Assignment »
Word for word, restate all of the entries.

++++ Source records

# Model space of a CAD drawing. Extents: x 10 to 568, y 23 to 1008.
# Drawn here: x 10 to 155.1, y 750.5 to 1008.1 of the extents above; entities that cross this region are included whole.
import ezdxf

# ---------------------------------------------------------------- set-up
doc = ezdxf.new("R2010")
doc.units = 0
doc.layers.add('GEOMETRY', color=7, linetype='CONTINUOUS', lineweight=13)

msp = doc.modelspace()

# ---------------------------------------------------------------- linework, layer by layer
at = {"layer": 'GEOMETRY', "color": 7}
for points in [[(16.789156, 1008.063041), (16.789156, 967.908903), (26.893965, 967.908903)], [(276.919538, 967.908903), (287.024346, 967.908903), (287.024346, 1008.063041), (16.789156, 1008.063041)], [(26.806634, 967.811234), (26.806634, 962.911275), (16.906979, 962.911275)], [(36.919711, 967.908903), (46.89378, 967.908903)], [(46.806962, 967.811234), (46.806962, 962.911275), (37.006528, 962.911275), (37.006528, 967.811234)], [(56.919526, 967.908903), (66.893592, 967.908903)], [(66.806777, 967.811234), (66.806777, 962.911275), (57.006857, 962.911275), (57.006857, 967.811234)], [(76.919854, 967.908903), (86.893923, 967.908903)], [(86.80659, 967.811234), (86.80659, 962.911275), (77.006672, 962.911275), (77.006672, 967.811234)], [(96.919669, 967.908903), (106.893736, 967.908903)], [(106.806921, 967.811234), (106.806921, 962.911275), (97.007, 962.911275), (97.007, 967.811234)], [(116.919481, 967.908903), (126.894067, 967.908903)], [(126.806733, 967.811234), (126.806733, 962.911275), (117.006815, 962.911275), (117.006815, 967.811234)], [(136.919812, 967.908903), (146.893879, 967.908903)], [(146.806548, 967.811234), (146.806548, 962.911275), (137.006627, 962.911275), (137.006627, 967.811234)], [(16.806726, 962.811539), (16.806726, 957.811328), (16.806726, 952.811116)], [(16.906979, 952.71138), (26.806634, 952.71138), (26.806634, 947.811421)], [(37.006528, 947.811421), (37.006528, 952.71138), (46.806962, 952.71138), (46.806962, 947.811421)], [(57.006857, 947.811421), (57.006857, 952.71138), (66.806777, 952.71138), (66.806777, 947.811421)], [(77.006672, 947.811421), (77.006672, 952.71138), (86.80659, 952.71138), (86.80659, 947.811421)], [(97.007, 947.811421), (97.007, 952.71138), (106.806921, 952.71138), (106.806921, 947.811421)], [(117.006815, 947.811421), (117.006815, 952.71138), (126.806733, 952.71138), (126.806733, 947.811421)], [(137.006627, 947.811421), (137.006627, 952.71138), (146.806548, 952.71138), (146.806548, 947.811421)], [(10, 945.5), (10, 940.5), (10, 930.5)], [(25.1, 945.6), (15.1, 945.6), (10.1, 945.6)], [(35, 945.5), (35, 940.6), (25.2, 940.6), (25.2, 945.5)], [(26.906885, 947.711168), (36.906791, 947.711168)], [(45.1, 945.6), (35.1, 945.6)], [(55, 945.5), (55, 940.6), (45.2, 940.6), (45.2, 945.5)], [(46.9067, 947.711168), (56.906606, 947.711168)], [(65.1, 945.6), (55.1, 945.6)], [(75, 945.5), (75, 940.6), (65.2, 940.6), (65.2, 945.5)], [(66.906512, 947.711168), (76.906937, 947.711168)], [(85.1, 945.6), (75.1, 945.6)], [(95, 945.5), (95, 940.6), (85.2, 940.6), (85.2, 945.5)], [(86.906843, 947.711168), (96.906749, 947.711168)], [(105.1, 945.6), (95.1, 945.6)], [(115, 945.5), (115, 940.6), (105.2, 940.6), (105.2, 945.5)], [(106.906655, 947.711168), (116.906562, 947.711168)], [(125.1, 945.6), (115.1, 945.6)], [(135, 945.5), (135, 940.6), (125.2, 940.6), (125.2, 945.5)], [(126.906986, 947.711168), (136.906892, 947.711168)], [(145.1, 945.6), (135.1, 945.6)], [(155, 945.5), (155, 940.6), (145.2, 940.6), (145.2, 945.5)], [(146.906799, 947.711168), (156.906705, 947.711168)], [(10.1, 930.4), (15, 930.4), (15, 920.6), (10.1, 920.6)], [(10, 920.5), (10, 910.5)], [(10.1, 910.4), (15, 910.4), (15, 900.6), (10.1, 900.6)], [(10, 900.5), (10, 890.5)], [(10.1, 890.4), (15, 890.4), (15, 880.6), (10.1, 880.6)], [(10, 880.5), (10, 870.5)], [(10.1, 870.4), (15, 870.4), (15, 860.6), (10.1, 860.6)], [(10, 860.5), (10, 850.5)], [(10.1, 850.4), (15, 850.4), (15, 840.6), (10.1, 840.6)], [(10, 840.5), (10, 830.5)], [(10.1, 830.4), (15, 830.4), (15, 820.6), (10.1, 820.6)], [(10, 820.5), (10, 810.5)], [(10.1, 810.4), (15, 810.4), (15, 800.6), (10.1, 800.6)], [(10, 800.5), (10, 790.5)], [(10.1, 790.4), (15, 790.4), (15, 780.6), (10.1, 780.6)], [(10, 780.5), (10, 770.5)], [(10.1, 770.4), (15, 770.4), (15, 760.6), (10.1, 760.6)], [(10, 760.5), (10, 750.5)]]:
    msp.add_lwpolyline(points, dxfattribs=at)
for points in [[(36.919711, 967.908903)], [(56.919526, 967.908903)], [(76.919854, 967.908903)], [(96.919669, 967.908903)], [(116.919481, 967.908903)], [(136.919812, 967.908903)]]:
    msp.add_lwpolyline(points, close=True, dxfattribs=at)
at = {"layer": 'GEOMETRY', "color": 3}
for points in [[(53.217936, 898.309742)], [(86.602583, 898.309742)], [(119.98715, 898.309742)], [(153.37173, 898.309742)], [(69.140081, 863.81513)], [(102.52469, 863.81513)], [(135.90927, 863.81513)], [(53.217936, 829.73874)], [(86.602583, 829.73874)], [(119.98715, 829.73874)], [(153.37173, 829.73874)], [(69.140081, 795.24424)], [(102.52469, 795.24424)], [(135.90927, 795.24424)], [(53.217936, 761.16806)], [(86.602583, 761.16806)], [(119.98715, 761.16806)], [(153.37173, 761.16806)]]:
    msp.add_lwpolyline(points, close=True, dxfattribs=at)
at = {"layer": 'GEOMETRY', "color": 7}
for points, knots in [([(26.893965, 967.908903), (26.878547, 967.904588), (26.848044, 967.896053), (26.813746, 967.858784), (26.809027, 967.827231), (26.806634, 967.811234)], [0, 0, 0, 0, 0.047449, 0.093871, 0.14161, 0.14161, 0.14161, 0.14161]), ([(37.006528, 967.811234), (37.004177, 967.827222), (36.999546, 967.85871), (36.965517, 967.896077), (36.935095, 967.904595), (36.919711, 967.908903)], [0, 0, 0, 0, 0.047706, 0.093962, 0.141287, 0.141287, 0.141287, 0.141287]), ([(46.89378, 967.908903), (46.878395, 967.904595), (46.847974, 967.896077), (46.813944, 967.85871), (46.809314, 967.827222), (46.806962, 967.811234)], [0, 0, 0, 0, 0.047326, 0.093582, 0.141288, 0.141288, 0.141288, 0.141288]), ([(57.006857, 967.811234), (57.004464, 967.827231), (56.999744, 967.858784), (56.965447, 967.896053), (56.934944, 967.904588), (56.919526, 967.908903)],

++++++++

Exercise solution »
# Model space of a CAD drawing. Extents: x 10 to 568, y 23 to 1008.
# Drawn here: x 10 to 155.1, y 750.5 to 1008.1 of the extents above; entities that cross this region are included whole.
import ezdxf

# ---------------------------------------------------------------- set-up
doc = ezdxf.new("R2010")
doc.units = 0
doc.layers.add('GEOMETRY', color=7, linetype='CONTINUOUS', lineweight=13)

msp = doc.modelspace()

# ---------------------------------------------------------------- linework, layer by layer
at = {"layer": 'GEOMETRY', "color": 7}
for points in [[(16.789156, 1008.063041), (16.789156, 967.908903), (26.893965, 967.908903)], [(276.919538, 967.908903), (287.024346, 967.908903), (287.024346, 1008.063041), (16.789156, 1008.063041)], [(26.806634, 967.811234), (26.806634, 962.911275), (16.906979, 962.911275)], [(36.919711, 967.908903), (46.89378, 967.908903)], [(46.806962, 967.811234), (46.806962, 962.911275), (37.006528, 962.911275), (37.006528, 967.811234)], [(56.919526, 967.908903), (66.893592, 967.908903)], [(66.806777, 967.811234), (66.806777, 962.911275), (57.006857, 962.911275), (57.006857, 967.811234)], [(76.919854, 967.908903), (86.893923, 967.908903)], [(86.80659, 967.811234), (86.80659, 962.911275), (77.006672, 962.911275), (77.006672, 967.811234)], [(96.919669, 967.908903), (106.893736, 967.908903)], [(106.806921, 967.811234), (106.806921, 962.911275), (97.007, 962.911275), (97.007, 967.811234)], [(116.919481, 967.908903), (126.894067, 967.908903)], [(126.806733, 967.811234), (126.806733, 962.911275), (117.006815, 962.911275), (117.006815, 967.811234)], [(136.919812, 967.908903), (146.893879, 967.908903)], [(146.806548, 967.811234), (146.806548, 962.911275), (137.006627, 962.911275), (137.006627, 967.811234)], [(16.806726, 962.811539), (16.806726, 957.811328), (16.806726, 952.811116)], [(16.906979, 952.71138), (26.806634, 952.71138), (26.806634, 947.811421)], [(37.006528, 947.811421), (37.006528, 952.71138), (46.806962, 952.71138), (46.806962, 947.811421)], [(57.006857, 947.811421), (57.006857, 952.71138), (66.806777, 952.71138), (66.806777, 947.811421)], [(77.006672, 947.811421), (77.006672, 952.71138), (86.80659, 952.71138), (86.80659, 947.811421)], [(97.007, 947.811421), (97.007, 952.71138), (106.806921, 952.71138), (106.806921, 947.811421)], [(117.006815, 947.811421), (117.006815, 952.71138), (126.806733, 952.71138), (126.806733, 947.811421)], [(137.006627, 947.811421), (137.006627, 952.71138), (146.806548, 952.71138), (146.806548, 947.811421)], [(10, 945.5), (10, 940.5), (10, 930.5)], [(25.1, 945.6), (15.1, 945.6), (10.1, 945.6)], [(35, 945.5), (35, 940.6), (25.2, 940.6), (25.2, 945.5)], [(26.906885, 947.711168), (36.906791, 947.711168)], [(45.1, 945.6), (35.1, 945.6)], [(55, 945.5), (55, 940.6), (45.2, 940.6), (45.2, 945.5)], [(46.9067, 947.711168), (56.906606, 947.711168)], [(65.1, 945.6), (55.1, 945.6)], [(75, 945.5), (75, 940.6), (65.2, 940.6), (65.2, 945.5)], [(66.906512, 947.711168), (76.906937, 947.711168)], [(85.1, 945.6), (75.1, 945.6)], [(95, 945.5), (95, 940.6), (85.2, 940.6), (85.2, 945.5)], [(86.906843, 947.711168), (96.906749, 947.711168)], [(105.1, 945.6), (95.1, 945.6)], [(115, 945.5), (115, 940.6), (105.2, 940.6), (105.2, 945.5)], [(106.906655, 947.711168), (116.906562, 947.711168)], [(125.1, 945.6), (115.1, 945.6)], [(135, 945.5), (135, 940.6), (125.2, 940.6), (125.2, 945.5)], [(126.906986, 947.711168), (136.906892, 947.711168)], [(145.1, 945.6), (135.1, 945.6)], [(155, 945.5), (155, 940.6), (145.2, 940.6), (145.2, 945.5)], [(146.906799, 947.711168), (156.906705, 947.711168)], [(10.1, 930.4), (15, 930.4), (15, 920.6), (10.1, 920.6)], [(10, 920.5), (10, 910.5)], [(10.1, 910.4), (15, 910.4), (15, 900.6), (10.1, 900.6)], [(10, 900.5), (10, 890.5)], [(10.1, 890.4), (15, 890.4), (15, 880.6), (10.1, 880.6)], [(10, 880.5), (10, 870.5)], [(10.1, 870.4), (15, 870.4), (15, 860.6), (10.1, 860.6)], [(10, 860.5), (10, 850.5)], [(10.1, 850.4), (15, 850.4), (15, 840.6), (10.1, 840.6)], [(10, 840.5), (10, 830.5)], [(10.1, 830.4), (15, 830.4), (15, 820.6), (10.1, 820.6)], [(10, 820.5), (10, 810.5)], [(10.1, 810.4), (15, 810.4), (15, 800.6), (10.1, 800.6)], [(10, 800.5), (10, 790.5)], [(10.1, 790.4), (15, 790.4), (15, 780.6), (10.1, 780.6)], [(10, 780.5), (10, 770.5)], [(10.1, 770.4), (15, 770.4), (15, 760.6), (10.1, 760.6)], [(10, 760.5), (10, 750.5)]]:
    msp.add_lwpolyline(points, dxfattribs=at)
for points in [[(36.919711, 967.908903)], [(56.919526, 967.908903)], [(76.919854, 967.908903)], [(96.919669, 967.908903)], [(116.919481, 967.908903)], [(136.919812, 967.908903)]]:
    msp.add_lwpolyline(points, close=True, dxfattribs=at)
at = {"layer": 'GEOMETRY', "color": 3}
for points in [[(53.217936, 898.309742)], [(86.602583, 898.309742)], [(119.98715, 898.309742)], [(153.37173, 898.309742)], [(69.140081, 863.81513)], [(102.52469, 863.81513)], [(135.90927, 863.81513)], [(53.217936, 829.73874)], [(86.602583, 829.73874)], [(119.98715, 829.73874)], [(153.37173, 829.73874)], [(69.140081, 795.24424)], [(102.52469, 795.24424)], [(135.90927, 795.24424)], [(53.217936, 761.16806)], [(86.602583, 761.16806)], [(119.98715, 761.16806)], [(153.37173, 761.16806)]]:
    msp.add_lwpolyline(points, close=True, dxfattribs=at)
at = {"layer": 'GEOMETRY', "color": 7}
for points, knots in [([(26.893965, 967.908903), (26.878547, 967.904588), (26.848044, 967.896053), (26.813746, 967.858784), (26.809027, 967.827231), (26.806634, 967.811234)], [0, 0, 0, 0, 0.047449, 0.093871, 0.14161, 0.14161, 0.14161, 0.14161]), ([(37.006528, 967.811234), (37.004177, 967.827222), (36.999546, 967.85871), (36.965517, 967.896077), (36.935095, 967.904595), (36.919711, 967.908903)], [0, 0, 0, 0, 0.047706, 0.093962, 0.141287, 0.141287, 0.141287, 0.141287]), ([(46.89378, 967.908903), (46.878395, 967.904595), (46.847974, 967.896077), (46.813944, 967.85871), (46.809314, 967.827222), (46.806962, 967.811234)], [0, 0, 0, 0, 0.047326, 0.093582, 0.141288, 0.141288, 0.141288, 0.141288]), ([(57.006857, 967.811234), (57.004464, 967.827231), (56.999744, 967.858784), (56.965447, 967.896053), (56.934944, 967.904588), (56.919526, 967.908903)],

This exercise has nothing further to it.